Match the word "import". Return each line of the data below where it appears.

[Data extracted from a collection]
-- -- --
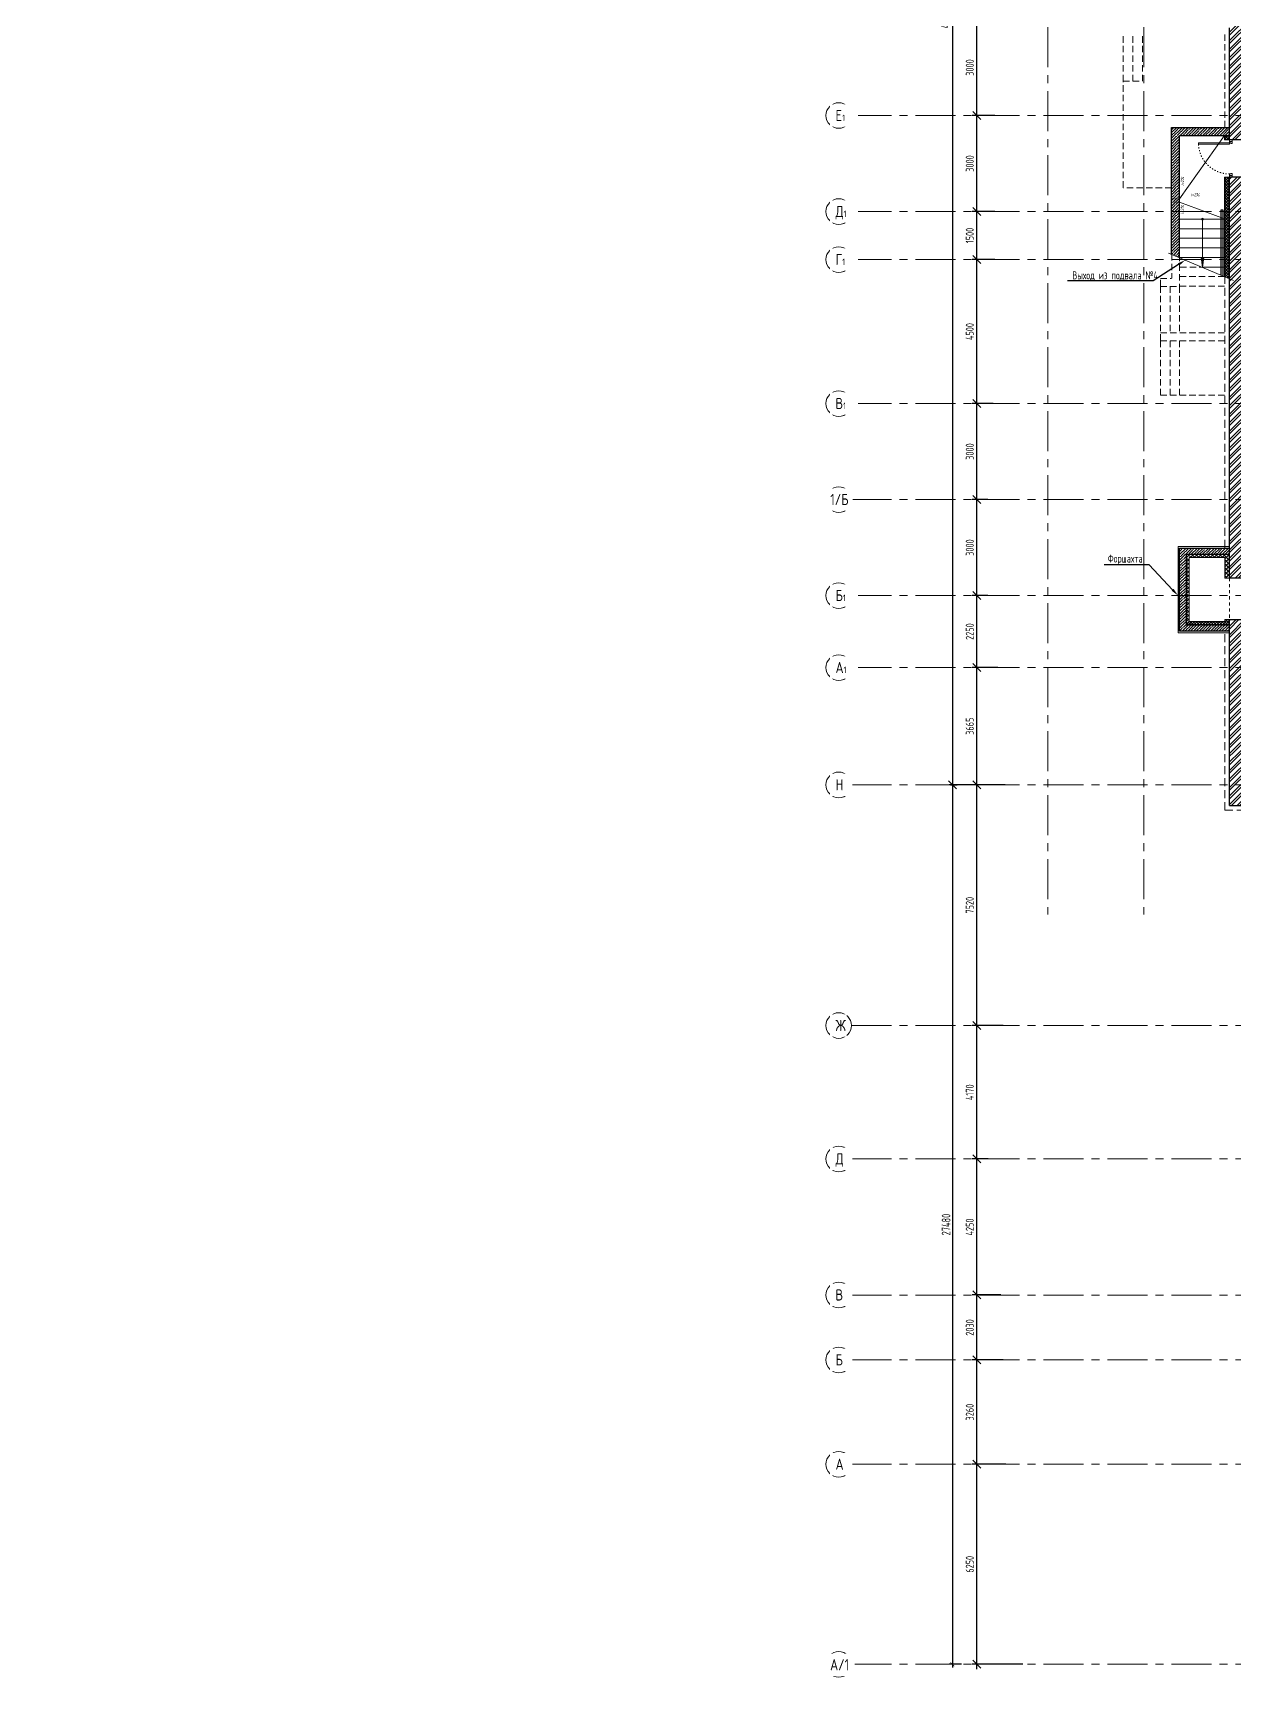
# Model space of a CAD drawing. Header units: millimetres. Extents: x -8689834 to 9419935, y 0 to 233063.
# Drawn here: x -384889 to -347349, y 54806 to 106183 of the extents above; entities that cross this region are included whole.
import ezdxf
from ezdxf import colors
from ezdxf.entities.mleader import LeaderData, LeaderLine
from ezdxf.math import Vec2, Vec3

# ---------------------------------------------------------------- set-up
doc = ezdxf.new("R2010")
doc.units = ezdxf.units.MM
doc.header["$MEASUREMENT"] = 0
for name, pattern in [('ACAD_ISO03W100', [30, 12, -18]), ('ADSK_Штриховая_ш2 п1', [3, 2, -1]), ('CENTER', [2, 1.25, -0.25, 0.25, -0.25]), ('TRATTEGGIATA', [0.75, 0.5, -0.25]), ('Штрих', [6.35, 3.175, -3.175])]:
    doc.linetypes.add(name, pattern=pattern)
doc.layers.get('0').update_dxf_attribs({"color": 250, "lineweight": 9})
doc.layers.add('25. ЗАЛИВКА ЗОН', color=7, linetype='Continuous', lineweight=0, transparency=0.2)
for name, color, linetype, lineweight in [('АР_Выноски АПР', 7, 'Continuous', 5), ('АР_Двери', 175, 'Continuous', 18), ('АР_Лестницы', 250, 'Continuous', 15), ('АР_Лестницы ограждение', 94, 'Continuous', 25), ('АР_МосжилНии_Стены', 127, 'Continuous', 30), ('АР_Навесной фасад', 190, 'Continuous', 5), ('АР_Оси', 195, 'Continuous', 9), ('АР_Оси размеры', 164, 'Continuous', 9), ('АР_Сущ Несущая стена', 216, 'Continuous', 30), ('АР_тонкая линия', 250, 'Continuous', 0), ('АР_Утеплитель', 154, 'Continuous', 9), ('АР_Штриховка кирпич', 250, 'Continuous', 9), ('АР_Штриховка монолит', 250, 'Continuous', 9), ('тх разм', 250, 'Continuous', 9), ('Штриховка', 7, 'Continuous', 5)]:
    doc.layers.add(name, color=color, linetype=linetype, lineweight=lineweight)
doc.styles.add('ISOCPEUR', font='isocpeur.ttf', dxfattribs={"width": 0.7})
doc.styles.add('Архитект', font='isocpeur.ttf', dxfattribs={"width": 0.8, "oblique": 8})
doc.styles.add('ГОСТ 2.304', font='isocpeur.ttf', dxfattribs={"width": 0.7})
doc.dimstyles.new('R_100', dxfattribs={"dimtxt": 270, "dimasz": 120, "dimexe": 100, "dimexo": 0, "dimgap": 60, "dimtad": 1, "dimdec": 0, "dimrnd": 5, "dimzin": 0, "dimdsep": 46, "dimtxsty": 'ISOCPEUR', "dimblk": 'ARCHTICK', "dimcen": 0, "dimdle": 100, "dimclrd": 256, "dimclre": 256, "dimclrt": 256, "dimadec": 0, "dimazin": 0, "dimtfac": 2, "dimtdec": 0, "dimtofl": 0, "dimtmove": 1, "dimatfit": 3, "dimfxl": 1, "dimtvp": 3, "dimtolj": 1, "dimtzin": 0, "dimarcsym": 0})
doc.dimstyles.new('СПДС', dxfattribs={"dimscale": 100, "dimtxt": 2.5, "dimasz": 2.5, "dimexe": 1.5, "dimexo": 0, "dimgap": 1, "dimtad": 1, "dimdec": 0, "dimrnd": 1, "dimtxsty": 'ГОСТ 2.304', "dimblk": 'OBLIQUE', "dimcen": 2.5, "dimdle": 1.5, "dimadec": 0, "dimazin": 2, "dimtfac": 0.75, "dimtdec": 0, "dimtmove": 1, "dimatfit": 3, "dimfxl": 1, "dimtolj": 1, "dimarcsym": 1})
pattern_1 = [(225.037216, (0, 370), (61.912019, -61.831642), []), (315.037216, (0, 370), (61.831642, 61.912019), [])]

# ---------------------------------------------------------------- blocks, each defined once
blk = doc.blocks.new('_Oblique')
at = {"color": 0, "linetype": 'ByBlock', "lineweight": -2}
blk.add_line((-0.5, -0.5), (0.5, 0.5), dxfattribs=at)
blk = doc.blocks.new('*D549')
at = {"layer": 'АР_Оси размеры', "color": 0, "lineweight": -2, "ltscale": 100, "transparency": 16777216}
for p, q in [((-354486, 61456), (-355535, 61456)), ((-355385, 55056), (-355385, 61606)), ((-353951, 55206), (-355535, 55206))]:
    blk.add_line(p, q, dxfattribs=at)
at = {"layer": 'АР_Оси размеры', "color": 0, "lineweight": -2, "ltscale": 100, "transparency": 16777216, "xscale": 250, "yscale": 250, "zscale": 250}
for p, rotation in [((-355385, 61456), 90), ((-355385, 55206), 270)]:
    blk.add_blockref('_Oblique', p, dxfattribs=dict(at, rotation=rotation))
at = {"layer": 'АР_Оси размеры', "color": 0, "ltscale": 100, "transparency": 16777216, "insert": (-355610, 58331), "char_height": 250, "attachment_point": 5, "rotation": 90, "style": 'ГОСТ 2.304'}
blk.add_mtext('\\A1;6250', dxfattribs=at)
blk = doc.blocks.new('*D550')
at = {"layer": 'АР_Оси размеры', "color": 0, "lineweight": -2, "ltscale": 100, "transparency": 16777216}
for p, q in [((-355385, 61306), (-355385, 64866)), ((-354563, 64716), (-355535, 64716)), ((-354486, 61456), (-355535, 61456))]:
    blk.add_line(p, q, dxfattribs=at)
at = {"layer": 'АР_Оси размеры', "color": 0, "lineweight": -2, "ltscale": 100, "transparency": 16777216, "xscale": 250, "yscale": 250, "zscale": 250}
for p, rotation in [((-355385, 64716), 90), ((-355385, 61456), 270)]:
    blk.add_blockref('_Oblique', p, dxfattribs=dict(at, rotation=rotation))
at = {"layer": 'АР_Оси размеры', "color": 0, "ltscale": 100, "transparency": 16777216, "insert": (-355610, 63086), "char_height": 250, "attachment_point": 5, "rotation": 90, "style": 'ГОСТ 2.304'}
blk.add_mtext('\\A1;3260', dxfattribs=at)
blk = doc.blocks.new('*D531')
at = {"layer": 'АР_Оси размеры', "color": 0, "lineweight": -2, "ltscale": 100, "transparency": 16777216}
for p, q in [((-355385, 64566), (-355385, 66896)), ((-354637, 66746), (-355535, 66746)), ((-354563, 64716), (-355535, 64716))]:
    blk.add_line(p, q, dxfattribs=at)
at = {"layer": 'АР_Оси размеры', "color": 0, "lineweight": -2, "ltscale": 100, "transparency": 16777216, "xscale": 250, "yscale": 250, "zscale": 250}
for p, rotation in [((-355385, 66746), 90), ((-355385, 64716), 270)]:
    blk.add_blockref('_Oblique', p, dxfattribs=dict(at, rotation=rotation))
at = {"layer": 'АР_Оси размеры', "color": 0, "ltscale": 100, "transparency": 16777216, "insert": (-355610, 65731), "char_height": 250, "attachment_point": 5, "rotation": 90, "style": 'ГОСТ 2.304'}
blk.add_mtext('\\A1;2030', dxfattribs=at)
blk = doc.blocks.new('*D532')
at = {"layer": 'АР_Оси размеры', "color": 0, "lineweight": -2, "ltscale": 100, "transparency": 16777216}
for p, q in [((-355035, 70996), (-355535, 70996)), ((-355385, 66596), (-355385, 71146)), ((-354637, 66746), (-355535, 66746))]:
    blk.add_line(p, q, dxfattribs=at)
at = {"layer": 'АР_Оси размеры', "color": 0, "lineweight": -2, "ltscale": 100, "transparency": 16777216, "xscale": 250, "yscale": 250, "zscale": 250}
for p, rotation in [((-355385, 70996), 90), ((-355385, 66746), 270)]:
    blk.add_blockref('_Oblique', p, dxfattribs=dict(at, rotation=rotation))
at = {"layer": 'АР_Оси размеры', "color": 0, "ltscale": 100, "transparency": 16777216, "insert": (-355610, 68871), "char_height": 250, "attachment_point": 5, "rotation": 90, "style": 'ГОСТ 2.304'}
blk.add_mtext('\\A1;4250', dxfattribs=at)
blk = doc.blocks.new('*D533')
at = {"layer": 'АР_Оси размеры', "color": 0, "lineweight": -2, "ltscale": 100, "transparency": 16777216}
for p, q in [((-354567, 75166), (-355535, 75166)), ((-355385, 70846), (-355385, 75316)), ((-355035, 70996), (-355535, 70996))]:
    blk.add_line(p, q, dxfattribs=at)
at = {"layer": 'АР_Оси размеры', "color": 0, "lineweight": -2, "ltscale": 100, "transparency": 16777216, "xscale": 250, "yscale": 250, "zscale": 250}
for p, rotation in [((-355385, 75166), 90), ((-355385, 70996), 270)]:
    blk.add_blockref('_Oblique', p, dxfattribs=dict(at, rotation=rotation))
at = {"layer": 'АР_Оси размеры', "color": 0, "ltscale": 100, "transparency": 16777216, "insert": (-355610, 73081), "char_height": 250, "attachment_point": 5, "rotation": 90, "style": 'ГОСТ 2.304'}
blk.add_mtext('\\A1;4170', dxfattribs=at)
blk = doc.blocks.new('*D534')
at = {"layer": 'АР_Оси размеры', "color": 0, "lineweight": -2, "ltscale": 100, "transparency": 16777216}
for p, q in [((-355385, 75016), (-355385, 82836)), ((-354506, 82686), (-355535, 82686)), ((-354567, 75166), (-355535, 75166))]:
    blk.add_line(p, q, dxfattribs=at)
at = {"layer": 'АР_Оси размеры', "color": 0, "lineweight": -2, "ltscale": 100, "transparency": 16777216, "xscale": 250, "yscale": 250, "zscale": 250}
for p, rotation in [((-355385, 82686), 90), ((-355385, 75166), 270)]:
    blk.add_blockref('_Oblique', p, dxfattribs=dict(at, rotation=rotation))
at = {"layer": 'АР_Оси размеры', "color": 0, "ltscale": 100, "transparency": 16777216, "insert": (-355610, 78926), "char_height": 250, "attachment_point": 5, "rotation": 90, "style": 'ГОСТ 2.304'}
blk.add_mtext('\\A1;7520', dxfattribs=at)
blk = doc.blocks.new('*D535')
at = {"layer": 'АР_Оси размеры', "color": 0, "lineweight": -2, "ltscale": 100, "transparency": 16777216}
for p, q in [((-354736, 86351), (-355535, 86351)), ((-355385, 82536), (-355385, 86501)), ((-354506, 82686), (-355535, 82686))]:
    blk.add_line(p, q, dxfattribs=at)
at = {"layer": 'АР_Оси размеры', "color": 0, "lineweight": -2, "ltscale": 100, "transparency": 16777216, "xscale": 250, "yscale": 250, "zscale": 250}
for p, rotation in [((-355385, 86351), 90), ((-355385, 82686), 270)]:
    blk.add_blockref('_Oblique', p, dxfattribs=dict(at, rotation=rotation))
at = {"layer": 'АР_Оси размеры', "color": 0, "ltscale": 100, "transparency": 16777216, "insert": (-355610, 84518), "char_height": 250, "attachment_point": 5, "rotation": 90, "style": 'ГОСТ 2.304'}
blk.add_mtext('\\A1;3665', dxfattribs=at)
blk = doc.blocks.new('*D536')
at = {"layer": 'АР_Оси размеры', "color": 0, "lineweight": -2, "ltscale": 100, "transparency": 16777216}
for p, q in [((-355043, 88601), (-355535, 88601)), ((-355385, 86201), (-355385, 88751)), ((-354736, 86351), (-355535, 86351))]:
    blk.add_line(p, q, dxfattribs=at)
at = {"layer": 'АР_Оси размеры', "color": 0, "lineweight": -2, "ltscale": 100, "transparency": 16777216, "xscale": 250, "yscale": 250, "zscale": 250}
for p, rotation in [((-355385, 88601), 90), ((-355385, 86351), 270)]:
    blk.add_blockref('_Oblique', p, dxfattribs=dict(at, rotation=rotation))
at = {"layer": 'АР_Оси размеры', "color": 0, "ltscale": 100, "transparency": 16777216, "insert": (-355610, 87476), "char_height": 250, "attachment_point": 5, "rotation": 90, "style": 'ГОСТ 2.304'}
blk.add_mtext('\\A1;2250', dxfattribs=at)
blk = doc.blocks.new('*D537')
at = {"layer": 'АР_Оси размеры', "color": 0, "lineweight": -2, "ltscale": 100, "transparency": 16777216}
for p, q in [((-355043, 91601), (-355535, 91601)), ((-355385, 88451), (-355385, 91751)), ((-355043, 88601), (-355535, 88601))]:
    blk.add_line(p, q, dxfattribs=at)
at = {"layer": 'АР_Оси размеры', "color": 0, "lineweight": -2, "ltscale": 100, "transparency": 16777216, "xscale": 250, "yscale": 250, "zscale": 250}
for p, rotation in [((-355385, 91601), 90), ((-355385, 88601), 270)]:
    blk.add_blockref('_Oblique', p, dxfattribs=dict(at, rotation=rotation))
at = {"layer": 'АР_Оси размеры', "color": 0, "ltscale": 100, "transparency": 16777216, "insert": (-355610, 90101), "char_height": 250, "attachment_point": 5, "rotation": 90, "style": 'ГОСТ 2.304'}
blk.add_mtext('\\A1;3000', dxfattribs=at)
blk = doc.blocks.new('*D538')
at = {"layer": 'АР_Оси размеры', "color": 0, "lineweight": -2, "ltscale": 100, "transparency": 16777216}
for p, q in [((-354876, 94601), (-355535, 94601)), ((-355385, 91451), (-355385, 94751)), ((-355043, 91601), (-355535, 91601))]:
    blk.add_line(p, q, dxfattribs=at)
at = {"layer": 'АР_Оси размеры', "color": 0, "lineweight": -2, "ltscale": 100, "transparency": 16777216, "xscale": 250, "yscale": 250, "zscale": 250}
for p, rotation in [((-355385, 94601), 90), ((-355385, 91601), 270)]:
    blk.add_blockref('_Oblique', p, dxfattribs=dict(at, rotation=rotation))
at = {"layer": 'АР_Оси размеры', "color": 0, "ltscale": 100, "transparency": 16777216, "insert": (-355610, 93101), "char_height": 250, "attachment_point": 5, "rotation": 90, "style": 'ГОСТ 2.304'}
blk.add_mtext('\\A1;3000', dxfattribs=at)
blk = doc.blocks.new('*D539')
at = {"layer": 'АР_Оси размеры', "color": 0, "lineweight": -2, "ltscale": 100, "transparency": 16777216}
for p, q in [((-355385, 94451), (-355385, 99251)), ((-354822, 99101), (-355535, 99101)), ((-354876, 94601), (-355535, 94601))]:
    blk.add_line(p, q, dxfattribs=at)
at = {"layer": 'АР_Оси размеры', "color": 0, "lineweight": -2, "ltscale": 100, "transparency": 16777216, "xscale": 250, "yscale": 250, "zscale": 250}
for p, rotation in [((-355385, 99101), 90), ((-355385, 94601), 270)]:
    blk.add_blockref('_Oblique', p, dxfattribs=dict(at, rotation=rotation))
at = {"layer": 'АР_Оси размеры', "color": 0, "ltscale": 100, "transparency": 16777216, "insert": (-355610, 96851), "char_height": 250, "attachment_point": 5, "rotation": 90, "style": 'ГОСТ 2.304'}
blk.add_mtext('\\A1;4500', dxfattribs=at)
blk = doc.blocks.new('*D540')
at = {"layer": 'АР_Оси размеры', "color": 0, "lineweight": -2, "ltscale": 100, "transparency": 16777216}
for p, q in [((-355385, 98951), (-355385, 100751)), ((-354822, 100601), (-355535, 100601)), ((-354822, 99101), (-355535, 99101))]:
    blk.add_line(p, q, dxfattribs=at)
at = {"layer": 'АР_Оси размеры', "color": 0, "lineweight": -2, "ltscale": 100, "transparency": 16777216, "xscale": 250, "yscale": 250, "zscale": 250}
for p, rotation in [((-355385, 100601), 90), ((-355385, 99101), 270)]:
    blk.add_blockref('_Oblique', p, dxfattribs=dict(at, rotation=rotation))
at = {"layer": 'АР_Оси размеры', "color": 0, "ltscale": 100, "transparency": 16777216, "insert": (-355610, 99851), "char_height": 250, "attachment_point": 5, "rotation": 90, "style": 'ГОСТ 2.304'}
blk.add_mtext('\\A1;1500', dxfattribs=at)
blk = doc.blocks.new('*D541')
at = {"layer": 'АР_Оси размеры', "color": 0, "lineweight": -2, "ltscale": 100, "transparency": 16777216}
for p, q in [((-354961, 103601), (-355535, 103601)), ((-355385, 100451), (-355385, 103751)), ((-354822, 100601), (-355535, 100601))]:
    blk.add_line(p, q, dxfattribs=at)
at = {"layer": 'АР_Оси размеры', "color": 0, "lineweight": -2, "ltscale": 100, "transparency": 16777216, "xscale": 250, "yscale": 250, "zscale": 250}
for p, rotation in [((-355385, 103601), 90), ((-355385, 100601), 270)]:
    blk.add_blockref('_Oblique', p, dxfattribs=dict(at, rotation=rotation))
at = {"layer": 'АР_Оси размеры', "color": 0, "ltscale": 100, "transparency": 16777216, "insert": (-355610, 102101), "char_height": 250, "attachment_point": 5, "rotation": 90, "style": 'ГОСТ 2.304'}
blk.add_mtext('\\A1;3000', dxfattribs=at)
blk = doc.blocks.new('*D542')
at = {"layer": 'АР_Оси размеры', "color": 0, "lineweight": -2, "ltscale": 100, "transparency": 16777216}
for p, q in [((-354961, 106601), (-355535, 106601)), ((-355385, 103451), (-355385, 106751)), ((-354822, 103601), (-355535, 103601))]:
    blk.add_line(p, q, dxfattribs=at)
at = {"layer": 'АР_Оси размеры', "color": 0, "lineweight": -2, "ltscale": 100, "transparency": 16777216, "xscale": 250, "yscale": 250, "zscale": 250}
for p, rotation in [((-355385, 106601), 90), ((-355385, 103601), 270)]:
    blk.add_blockref('_Oblique', p, dxfattribs=dict(at, rotation=rotation))
at = {"layer": 'АР_Оси размеры', "color": 0, "ltscale": 100, "transparency": 16777216, "insert": (-355610, 105101), "char_height": 250, "attachment_point": 5, "rotation": 90, "style": 'ГОСТ 2.304'}
blk.add_mtext('\\A1;3000', dxfattribs=at)
blk = doc.blocks.new('*D551')
at = {"layer": 'АР_Оси размеры', "color": 0, "lineweight": -2, "ltscale": 100, "transparency": 16777216}
for p, q in [((-356211, 130601), (-356005, 130601)), ((-356155, 130751), (-356155, 82536)), ((-356211, 82686), (-356005, 82686))]:
    blk.add_line(p, q, dxfattribs=at)
at = {"layer": 'АР_Оси размеры', "color": 0, "lineweight": -2, "ltscale": 100, "transparency": 16777216, "xscale": 250, "yscale": 250, "zscale": 250}
for p, rotation in [((-356155, 130601), 90), ((-356155, 82686), 270)]:
    blk.add_blockref('_Oblique', p, dxfattribs=dict(at, rotation=rotation))
at = {"layer": 'АР_Оси размеры', "color": 0, "ltscale": 100, "transparency": 16777216, "insert": (-356380, 106643), "char_height": 250, "attachment_point": 5, "rotation": 90, "style": 'ГОСТ 2.304'}
blk.add_mtext('\\A1;47915', dxfattribs=at)
blk = doc.blocks.new('*U242')
for points in [[(-55, -80), (-55, 0), (-115, 0), (-115, -40), (-100, -40), (-100, -80), (-55, -80)], [(0, 0), (0, -80), (-55, -80), (-55, 0), (0, 0)], [(-1170, 0), (-1170, -80), (-1115, -80), (-1115, 0), (-1170, 0)], [(-1115, -80), (-1115, 0), (-1055, 0), (-1055, -40), (-1070, -40), (-1070, -80), (-1115, -80)]]:
    blk.add_lwpolyline(points)
blk.add_lwpolyline([(-100, -80), (-100, -1050), (-140, -1050), (-140, -80)], close=True)
at = {"linetype": 'ACAD_ISO03W100', "ltscale": 3}
blk.add_arc((-100, -80), 970, 180, 270, dxfattribs=at)
blk = doc.blocks.new('*U248')
h = blk.add_hatch(color=256)
h.dxf.hatch_style = 1
edge = h.paths.add_edge_path()
edge.add_arc((0, 0), 27.6, 359.64, 719.64)
h = blk.add_hatch(color=256)
h.dxf.hatch_style = 1
h.paths.add_polyline_path([(1199, -44), (1199, 44), (1499, 0)])
blk.add_line((1499, 0), (0, 0))
blk.add_lwpolyline([(1199, 44), (1199, -44), (1499, 0), (1199, 44)])
blk.add_circle((0, 0), 27.6)
blk = doc.blocks.new('_ArchTick')
at = {"color": 0, "linetype": 'ByBlock', "const_width": 0.15}
blk.add_lwpolyline([(-0.5, -0.5), (0.5, 0.5)], dxfattribs=at)
blk = doc.blocks.new('*D834')
at = {"layer": 'тх разм', "lineweight": -2, "ltscale": 500, "transparency": 16777216}
for p, q in [((-356155, 82786), (-356155, 55106)), ((-355020, 82686), (-356255, 82686)), ((-355864, 55206), (-356255, 55206))]:
    blk.add_line(p, q, dxfattribs=at)
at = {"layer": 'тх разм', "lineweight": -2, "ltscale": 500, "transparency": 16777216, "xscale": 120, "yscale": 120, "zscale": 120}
-- -- --
**Answer to the exercise**:
import ezdxf
from ezdxf import colors
from ezdxf.entities.mleader import LeaderData, LeaderLine
from ezdxf.math import Vec2, Vec3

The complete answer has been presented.